[Material provided — start]

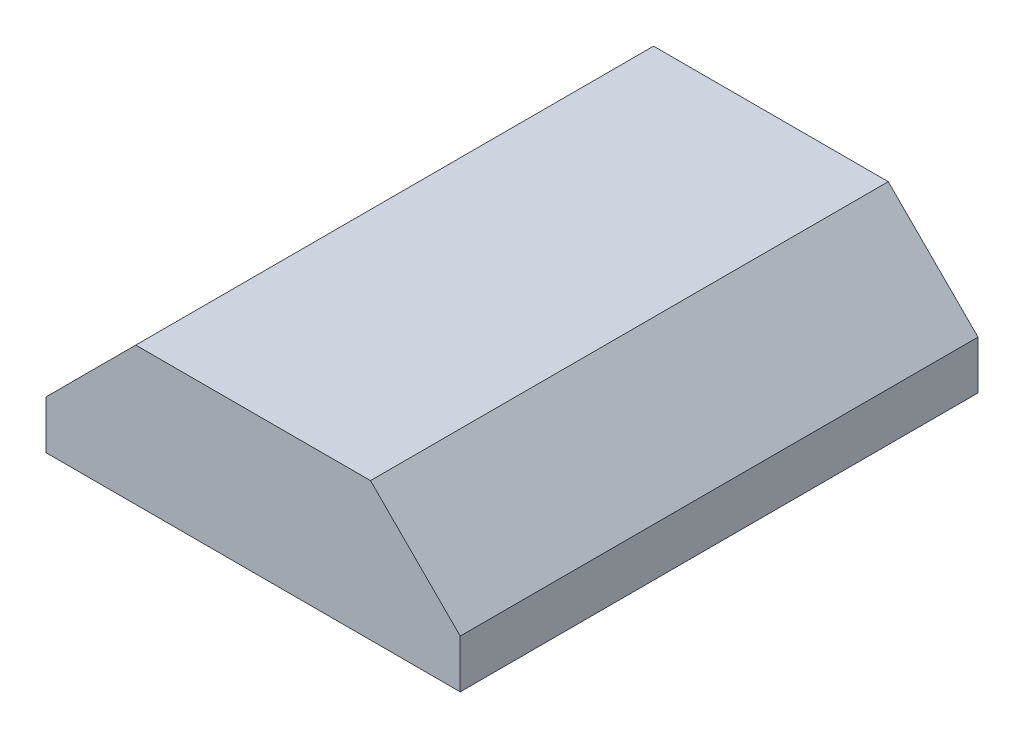
ISO-10303-21;
HEADER;
FILE_DESCRIPTION(('STEP AP214'),'2;1');
FILE_NAME('part.step','',(''),(''),'','','');
FILE_SCHEMA(('AUTOMOTIVE_DESIGN { 1 0 10303 214 1 1 1 1 }'));
ENDSEC;
DATA;
#1=APPLICATION_CONTEXT('core data for automotive mechanical design processes');
#2=APPLICATION_PROTOCOL_DEFINITION('international standard','automotive_design',2000,#1);
#3=PRODUCT_CONTEXT('',#1,'mechanical');
#4=PRODUCT('Part','Part','',(#3));
#5=PRODUCT_RELATED_PRODUCT_CATEGORY('part','',(#4));
#6=PRODUCT_DEFINITION_FORMATION('','',#4);
#7=PRODUCT_DEFINITION_CONTEXT('part definition',#1,'design');
#8=PRODUCT_DEFINITION('design','',#6,#7);
#9=PRODUCT_DEFINITION_SHAPE('','',#8);
#10=(LENGTH_UNIT() NAMED_UNIT(*) SI_UNIT(.MILLI.,.METRE.));
#11=(NAMED_UNIT(*) PLANE_ANGLE_UNIT() SI_UNIT($,.RADIAN.));
#12=(NAMED_UNIT(*) SI_UNIT($,.STERADIAN.) SOLID_ANGLE_UNIT());
#13=UNCERTAINTY_MEASURE_WITH_UNIT(LENGTH_MEASURE(1.E-05),#10,'distance_accuracy_value','');
#14=(GEOMETRIC_REPRESENTATION_CONTEXT(3) GLOBAL_UNCERTAINTY_ASSIGNED_CONTEXT((#13)) GLOBAL_UNIT_ASSIGNED_CONTEXT((#10,
#11,#12)) REPRESENTATION_CONTEXT('',''));
#15=CARTESIAN_POINT('',(0.,0.,0.));
#16=DIRECTION('',(0.,0.,1.));
#17=DIRECTION('',(1.,0.,0.));
#18=AXIS2_PLACEMENT_3D('',#15,#16,#17);
#19=CARTESIAN_POINT('',(3.4,1.80885878693797,15.));
#20=DIRECTION('',(0.707106781186549,0.707106781186546,0.));
#21=DIRECTION('',(-0.707106781186546,0.707106781186549,0.));
#22=AXIS2_PLACEMENT_3D('',#19,#20,#21);
#23=PLANE('',#22);
#24=DIRECTION('',(0.707106781186546,-0.707106781186549,0.));
#25=VECTOR('',#24,1.);
#26=CARTESIAN_POINT('',(3.4,1.80885878693797,0.));
#27=LINE('',#26,#25);
#28=CARTESIAN_POINT('',(3.4,1.80885878693797,0.));
#29=VERTEX_POINT('',#28);
#30=CARTESIAN_POINT('',(6.,-0.791141213062042,0.));
#31=VERTEX_POINT('',#30);
#32=EDGE_CURVE('E127',#29,#31,#27,.T.);
#33=ORIENTED_EDGE('',*,*,#32,.F.);
#34=DIRECTION('',(0.,0.,-1.));
#35=VECTOR('',#34,1.);
#36=CARTESIAN_POINT('',(3.4,1.80885878693797,15.));
#37=LINE('',#36,#35);
#38=CARTESIAN_POINT('',(3.4,1.80885878693797,15.));
#39=VERTEX_POINT('',#38);
#40=EDGE_CURVE('E11',#39,#29,#37,.T.);
#41=ORIENTED_EDGE('',*,*,#40,.F.);
#42=DIRECTION('',(0.707106781186546,-0.707106781186549,0.));
#43=VECTOR('',#42,1.);
#44=CARTESIAN_POINT('',(3.4,1.80885878693797,15.));
#45=LINE('',#44,#43);
#46=CARTESIAN_POINT('',(6.,-0.791141213062042,15.));
#47=VERTEX_POINT('',#46);
#48=EDGE_CURVE('E139',#39,#47,#45,.T.);
#49=ORIENTED_EDGE('',*,*,#48,.T.);
#50=DIRECTION('',(0.,0.,-1.));
#51=VECTOR('',#50,1.);
#52=CARTESIAN_POINT('',(6.,-0.791141213062042,15.));
#53=LINE('',#52,#51);
#54=EDGE_CURVE('E44',#47,#31,#53,.T.);
#55=ORIENTED_EDGE('',*,*,#54,.T.);
#56=EDGE_LOOP('',(#33,#41,#49,#55));
#57=FACE_BOUND('',#56,.T.);
#58=ADVANCED_FACE('F41',(#57),#23,.T.);
#59=CARTESIAN_POINT('',(3.4,1.80885878693797,15.));
#60=DIRECTION('',(0.,-1.,0.));
#61=DIRECTION('',(0.,0.,-1.));
#62=AXIS2_PLACEMENT_3D('',#59,#60,#61);
#63=PLANE('',#62);
#64=DIRECTION('',(-1.,0.,0.));
#65=VECTOR('',#64,1.);
#66=CARTESIAN_POINT('',(3.4,1.80885878693797,0.));
#67=LINE('',#66,#65);
#68=CARTESIAN_POINT('',(-3.4,1.80885878693797,0.));
#69=VERTEX_POINT('',#68);
#70=EDGE_CURVE('E80',#29,#69,#67,.T.);
#71=ORIENTED_EDGE('',*,*,#70,.T.);
#72=DIRECTION('',(0.,0.,-1.));
#73=VECTOR('',#72,1.);
#74=CARTESIAN_POINT('',(-3.4,1.80885878693797,15.));
#75=LINE('',#74,#73);
#76=CARTESIAN_POINT('',(-3.4,1.80885878693797,15.));
#77=VERTEX_POINT('',#76);
#78=EDGE_CURVE('E50',#77,#69,#75,.T.);
#79=ORIENTED_EDGE('',*,*,#78,.F.);
#80=DIRECTION('',(-1.,0.,0.));
#81=VECTOR('',#80,1.);
#82=CARTESIAN_POINT('',(3.4,1.80885878693797,15.));
#83=LINE('',#82,#81);
#84=EDGE_CURVE('E105',#39,#77,#83,.T.);
#85=ORIENTED_EDGE('',*,*,#84,.F.);
#86=ORIENTED_EDGE('',*,*,#40,.T.);
#87=EDGE_LOOP('',(#71,#79,#85,#86));
#88=FACE_BOUND('',#87,.T.);
#89=ADVANCED_FACE('F159',(#88),#63,.F.);
#90=CARTESIAN_POINT('',(-3.4,1.80885878693797,15.));
#91=DIRECTION('',(0.707106781186549,-0.707106781186546,0.));
#92=DIRECTION('',(0.707106781186546,0.707106781186549,0.));
#93=AXIS2_PLACEMENT_3D('',#90,#91,#92);
#94=PLANE('',#93);
#95=DIRECTION('',(-0.707106781186546,-0.707106781186549,0.));
#96=VECTOR('',#95,1.);
#97=CARTESIAN_POINT('',(-3.4,1.80885878693797,0.));
#98=LINE('',#97,#96);
#99=CARTESIAN_POINT('',(-6.,-0.791141213062042,0.));
#100=VERTEX_POINT('',#99);
#101=EDGE_CURVE('E112',#69,#100,#98,.T.);
#102=ORIENTED_EDGE('',*,*,#101,.T.);
#103=DIRECTION('',(0.,0.,-1.));
#104=VECTOR('',#103,1.);
#105=CARTESIAN_POINT('',(-6.,-0.791141213062042,15.));
#106=LINE('',#105,#104);
#107=CARTESIAN_POINT('',(-6.,-0.791141213062042,15.));
#108=VERTEX_POINT('',#107);
#109=EDGE_CURVE('E109',#108,#100,#106,.T.);
#110=ORIENTED_EDGE('',*,*,#109,.F.);
#111=DIRECTION('',(-0.707106781186546,-0.707106781186549,0.));
#112=VECTOR('',#111,1.);
#113=CARTESIAN_POINT('',(-3.4,1.80885878693797,15.));
#114=LINE('',#113,#112);
#115=EDGE_CURVE('E98',#77,#108,#114,.T.);
#116=ORIENTED_EDGE('',*,*,#115,.F.);
#117=ORIENTED_EDGE('',*,*,#78,.T.);
#118=EDGE_LOOP('',(#102,#110,#116,#117));
#119=FACE_BOUND('',#118,.T.);
#120=ADVANCED_FACE('F110',(#119),#94,.F.);
#121=CARTESIAN_POINT('',(-6.,-0.791141213062042,15.));
#122=DIRECTION('',(1.,0.,0.));
#123=DIRECTION('',(0.,0.,-1.));
#124=AXIS2_PLACEMENT_3D('',#121,#122,#123);
#125=PLANE('',#124);
#126=DIRECTION('',(0.,-1.,0.));
#127=VECTOR('',#126,1.);
#128=CARTESIAN_POINT('',(-6.,-0.791141213062042,0.));
#129=LINE('',#128,#127);
#130=CARTESIAN_POINT('',(-6.,-2.19114121306203,0.));
#131=VERTEX_POINT('',#130);
#132=EDGE_CURVE('E136',#100,#131,#129,.T.);
#133=ORIENTED_EDGE('',*,*,#132,.T.);
#134=DIRECTION('',(0.,0.,-1.));
#135=VECTOR('',#134,1.);
#136=CARTESIAN_POINT('',(-6.,-2.19114121306203,15.));
#137=LINE('',#136,#135);
#138=CARTESIAN_POINT('',(-6.,-2.19114121306203,15.));
#139=VERTEX_POINT('',#138);
#140=EDGE_CURVE('E115',#139,#131,#137,.T.);
#141=ORIENTED_EDGE('',*,*,#140,.F.);
#142=DIRECTION('',(0.,-1.,0.));
#143=VECTOR('',#142,1.);
#144=CARTESIAN_POINT('',(-6.,-0.791141213062042,15.));
#145=LINE('',#144,#143);
#146=EDGE_CURVE('E103',#108,#139,#145,.T.);
#147=ORIENTED_EDGE('',*,*,#146,.F.);
#148=ORIENTED_EDGE('',*,*,#109,.T.);
#149=EDGE_LOOP('',(#133,#141,#147,#148));
#150=FACE_BOUND('',#149,.T.);
#151=ADVANCED_FACE('F117',(#150),#125,.F.);
#152=CARTESIAN_POINT('',(-6.,-2.19114121306203,15.));
#153=DIRECTION('',(0.,1.,0.));
#154=DIRECTION('',(0.,0.,1.));
#155=AXIS2_PLACEMENT_3D('',#152,#153,#154);
#156=PLANE('',#155);
#157=DIRECTION('',(1.,0.,0.));
#158=VECTOR('',#157,1.);
#159=CARTESIAN_POINT('',(-6.,-2.19114121306203,0.));
#160=LINE('',#159,#158);
#161=CARTESIAN_POINT('',(6.,-2.19114121306203,0.));
#162=VERTEX_POINT('',#161);
#163=EDGE_CURVE('E133',#131,#162,#160,.T.);
#164=ORIENTED_EDGE('',*,*,#163,.T.);
#165=DIRECTION('',(0.,0.,-1.));
#166=VECTOR('',#165,1.);
#167=CARTESIAN_POINT('',(6.,-2.19114121306203,15.));
#168=LINE('',#167,#166);
#169=CARTESIAN_POINT('',(6.,-2.19114121306203,15.));
#170=VERTEX_POINT('',#169);
#171=EDGE_CURVE('E142',#170,#162,#168,.T.);
#172=ORIENTED_EDGE('',*,*,#171,.F.);
#173=DIRECTION('',(1.,0.,0.));
#174=VECTOR('',#173,1.);
#175=CARTESIAN_POINT('',(-6.,-2.19114121306203,15.));
#176=LINE('',#175,#174);
#177=EDGE_CURVE('E120',#139,#170,#176,.T.);
#178=ORIENTED_EDGE('',*,*,#177,.F.);
#179=ORIENTED_EDGE('',*,*,#140,.T.);
#180=EDGE_LOOP('',(#164,#172,#178,#179));
#181=FACE_BOUND('',#180,.T.);
#182=ADVANCED_FACE('F149',(#181),#156,.F.);
#183=CARTESIAN_POINT('',(6.,-0.791141213062042,15.));
#184=DIRECTION('',(1.,0.,0.));
#185=DIRECTION('',(0.,0.,-1.));
#186=AXIS2_PLACEMENT_3D('',#183,#184,#185);
#187=PLANE('',#186);
#188=DIRECTION('',(0.,-1.,0.));
#189=VECTOR('',#188,1.);
#190=CARTESIAN_POINT('',(6.,-0.791141213062042,0.));
#191=LINE('',#190,#189);
#192=EDGE_CURVE('E130',#31,#162,#191,.T.);
#193=ORIENTED_EDGE('',*,*,#192,.F.);
#194=ORIENTED_EDGE('',*,*,#54,.F.);
#195=DIRECTION('',(0.,-1.,0.));
#196=VECTOR('',#195,1.);
#197=CARTESIAN_POINT('',(6.,-0.791141213062042,15.));
#198=LINE('',#197,#196);
#199=EDGE_CURVE('E122',#47,#170,#198,.T.);
#200=ORIENTED_EDGE('',*,*,#199,.T.);
#201=ORIENTED_EDGE('',*,*,#171,.T.);
#202=EDGE_LOOP('',(#193,#194,#200,#201));
#203=FACE_BOUND('',#202,.T.);
#204=ADVANCED_FACE('F144',(#203),#187,.T.);
#205=CARTESIAN_POINT('',(0.,0.,15.));
#206=DIRECTION('',(0.,0.,-1.));
#207=DIRECTION('',(-1.,0.,0.));
#208=AXIS2_PLACEMENT_3D('',#205,#206,#207);
#209=PLANE('',#208);
#210=ORIENTED_EDGE('',*,*,#48,.F.);
#211=ORIENTED_EDGE('',*,*,#84,.T.);
#212=ORIENTED_EDGE('',*,*,#115,.T.);
#213=ORIENTED_EDGE('',*,*,#146,.T.);
#214=ORIENTED_EDGE('',*,*,#177,.T.);
#215=ORIENTED_EDGE('',*,*,#199,.F.);
#216=EDGE_LOOP('',(#210,#211,#212,#213,#214,#215));
#217=FACE_BOUND('',#216,.T.);
#218=ADVANCED_FACE('F101',(#217),#209,.F.);
#219=CARTESIAN_POINT('',(0.,0.,0.));
#220=DIRECTION('',(0.,0.,-1.));
#221=DIRECTION('',(-1.,0.,0.));
#222=AXIS2_PLACEMENT_3D('',#219,#220,#221);
#223=PLANE('',#222);
#224=ORIENTED_EDGE('',*,*,#32,.T.);
#225=ORIENTED_EDGE('',*,*,#192,.T.);
#226=ORIENTED_EDGE('',*,*,#163,.F.);
#227=ORIENTED_EDGE('',*,*,#132,.F.);
#228=ORIENTED_EDGE('',*,*,#101,.F.);
#229=ORIENTED_EDGE('',*,*,#70,.F.);
#230=EDGE_LOOP('',(#224,#225,#226,#227,#228,#229));
#231=FACE_BOUND('',#230,.T.);
#232=ADVANCED_FACE('F147',(#231),#223,.T.);
#233=CLOSED_SHELL('',(#58,#89,#120,#151,#182,#204,#218,#232));
#234=MANIFOLD_SOLID_BREP('B2',#233);
#235=ADVANCED_BREP_SHAPE_REPRESENTATION('',(#18,#234),#14);
#236=SHAPE_DEFINITION_REPRESENTATION(#9,#235);
ENDSEC;
END-ISO-10303-21;

[Material provided — finish]

For this exercise, output exactly the lines above from the line with "#88=FACE_BOUND('',#87,.T.);" to the line with "#112=VECTOR('',#111,1.);", counting both, and leave out the rest.

* **Solution**:
#88=FACE_BOUND('',#87,.T.);
#89=ADVANCED_FACE('F159',(#88),#63,.F.);
#90=CARTESIAN_POINT('',(-3.4,1.80885878693797,15.));
#91=DIRECTION('',(0.707106781186549,-0.707106781186546,0.));
#92=DIRECTION('',(0.707106781186546,0.707106781186549,0.));
#93=AXIS2_PLACEMENT_3D('',#90,#91,#92);
#94=PLANE('',#93);
#95=DIRECTION('',(-0.707106781186546,-0.707106781186549,0.));
#96=VECTOR('',#95,1.);
#97=CARTESIAN_POINT('',(-3.4,1.80885878693797,0.));
#98=LINE('',#97,#96);
#99=CARTESIAN_POINT('',(-6.,-0.791141213062042,0.));
#100=VERTEX_POINT('',#99);
#101=EDGE_CURVE('E112',#69,#100,#98,.T.);
#102=ORIENTED_EDGE('',*,*,#101,.T.);
#103=DIRECTION('',(0.,0.,-1.));
#104=VECTOR('',#103,1.);
#105=CARTESIAN_POINT('',(-6.,-0.791141213062042,15.));
#106=LINE('',#105,#104);
#107=CARTESIAN_POINT('',(-6.,-0.791141213062042,15.));
#108=VERTEX_POINT('',#107);
#109=EDGE_CURVE('E109',#108,#100,#106,.T.);
#110=ORIENTED_EDGE('',*,*,#109,.F.);
#111=DIRECTION('',(-0.707106781186546,-0.707106781186549,0.));
#112=VECTOR('',#111,1.);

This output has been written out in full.